The Fair Share Housing Center called the legal effort a “smokescreen” and said it will likely be thrown out of court.

“This lawsuit is nothing new — it’s supported by many of the same ultra-wealthy communities who have fought affordable housing for decades, every step of the way,” the nonprofit charged. “The lawsuit also is a thinly veiled attempt to revisit through the courts arguments that failed in the political process.”

AFFORDABLE HOUSING IN NEW JERSEY

When Gov. Phil Murphy signed the new law last year, he gave some background about what led to its creation. He wrote:

“Affordable housing has been a central public policy challenge in New Jersey for nearly half a century. Forty-nine years ago, in a case brought by two local branches of the NAACP, the New Jersey Supreme Court held in a landmark ruling that every municipality must ‘make realistically possible an appropriate variety and choice of housing.’ The court went on to say that towns cannot stand in the way of opportunities for low- and moderate-income housing. This principle became known as the Mount Laurel doctrine. To this day, it is studied by law students and lawyers all across the nation.”

There have also been negative impacts from the Mount Laurel doctrine, some pundits point out.

Community activists have complained that real estate developers have been able to use the doctrine to file “Builders Remedy” lawsuits in order to build large, multi-family developments that may be in conflict with municipalities’ master plans – setting up conflicts between local leaders and angry residents.

The New Jersey Legislature later adopted the Fair Housing Act in 1984 and created the Council on Affordable Housing (COAH) — a bipartisan agency of members representing different interest groups — in order to prevent courts from becoming the forum for resolving these land use issues.

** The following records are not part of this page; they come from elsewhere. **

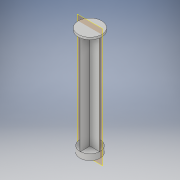
# Autodesk Inventor part: CH_01_0007_piston
Saved by Autodesk Inventor 2019 (Build 230136000, 136)
## iProperties
Created: 2022-02-23
Part Number: CH_01_0007_piston
Material: Generic
Document SubType Name: Modeling
Designer: Tomasz Krakowski
Density: 1 g/cm^3
Appearance: Default
Author: Tomasz Krakowski
Autodesk Inventor part; units mm, degrees
ref_plane "YZ Plane" through (0, 0, 0) normal (1, 0, 0) x (0, 1, 0)
ref_plane "XZ Plane" through (0, 0, 0) normal (0, 1, 0) x (-1, 0, 0)
sketch "Sketch1" plane through (0, 0, 0) normal (0, 1, 0) x (-1, 0, 0)
  circle A0 centre (0, 0) radius 14
  dimension "d0" = 28
  constraints: 1 centre point, 1 coincident
  measures "d0" diameter of A0
extrude "Extrusion1" add sketch "Sketch1" along normal blind 8.2
sketch "Sketch2" plane through (0, 8.2, 0) normal (0, 1, 0) x (1, 0, 0)
  line L0 (-13.5, -0.75) -> (-13.5, 0.75)
  line L1 (13.5, 0.75) -> (13.5, -0.75)
  line L2 (13.5, -0.75) -> (-13.5, 0.75) construction
  line L3 (-13.5, -0.75) -> (13.5, 0.75) construction
  line L4 (0.75, -13.5) -> (-0.75, -13.5)
  line L5 (-0.75, 13.5) -> (0.75, 13.5)
  line L6 (0.75, -13.5) -> (-0.75, 13.5) construction
  line L7 (-0.75, -13.5) -> (0.75, 13.5) construction
  line L8 (-0.75, -13.5) -> (-0.75, -0.75)
  line L9 (-0.75, 0.75) -> (-0.75, 13.5)
  line L10 (-13.5, 0.75) -> (-0.75, 0.75)
  line L11 (13.5, -0.75) -> (0.75, -0.75)
  line L12 (-0.75, -0.75) -> (-13.5, -0.75)
  line L13 (0.75, 13.5) -> (0.75, 0.75)
  line L14 (0.75, -0.75) -> (0.75, -13.5)
  line L15 (0.75, 0.75) -> (13.5, 0.75)
  point P0 (0, 0)
  dimension "d3" = 1.5
  dimension "d4" = 27
  dimension "d5" = 27
  constraints: 32 end point, 10 parallel, 5 perpendicular, 4 collinear, 4 midpoint, 3 horizontal
  measures "d3" distance between parallel lines of L14 L8
  measures "d4" distance between parallel lines of L1 L0
  measures "d5" distance between parallel lines of L5 L4
extrude "Extrusion2" add sketch "Sketch2" along normal blind 138
sketch "Sketch3" plane through (0, 146.2, 0) normal (0, 1, 0) x (1, 0, 0)
  circle A0 centre (0, 0) radius 16.25
  dimension "d8" = 32.5
  constraints: 1 centre point, 1 coincident
  measures "d8" diameter of A0
extrude "Extrusion3" add sketch "Sketch3" along normal blind 3
equation "\"d5\" = d4"
equation "\"d18\" = d17"
equation "\"d17\" = 2"
body "Solid1"

“For decades, all three branches of government have wrestled with how to apply the principles of Mount Laurel in practice,” Murphy wrote last year. “At times, our state Legislature has tried to address this issue. At other times, the process for determining affordable housing obligations was left to an executive branch agency. But more recently, over the last 10 years, this process has mainly played out in the courts, through litigation.”

The time for that is over, Murphy said.

With the signing of last year’s bill, the New Jersey Department of Community Affairs is now running the numbers. Towns will have the freedom to come up with plans to meet those quotas. Municipalities can earn bonus credits for constructing affordable housing where it is needed most, such as transit hubs, or for providing housing for vulnerable populations like senior citizens.

The new process will replace the role previously played by the COAH, which has been “defunct” for over a decade and is formally abolished under the bill, the governor’s office said.

The law also bans regional contribution agreements — in which towns pay neighboring municipalities to bolster their affordable housing stock instead.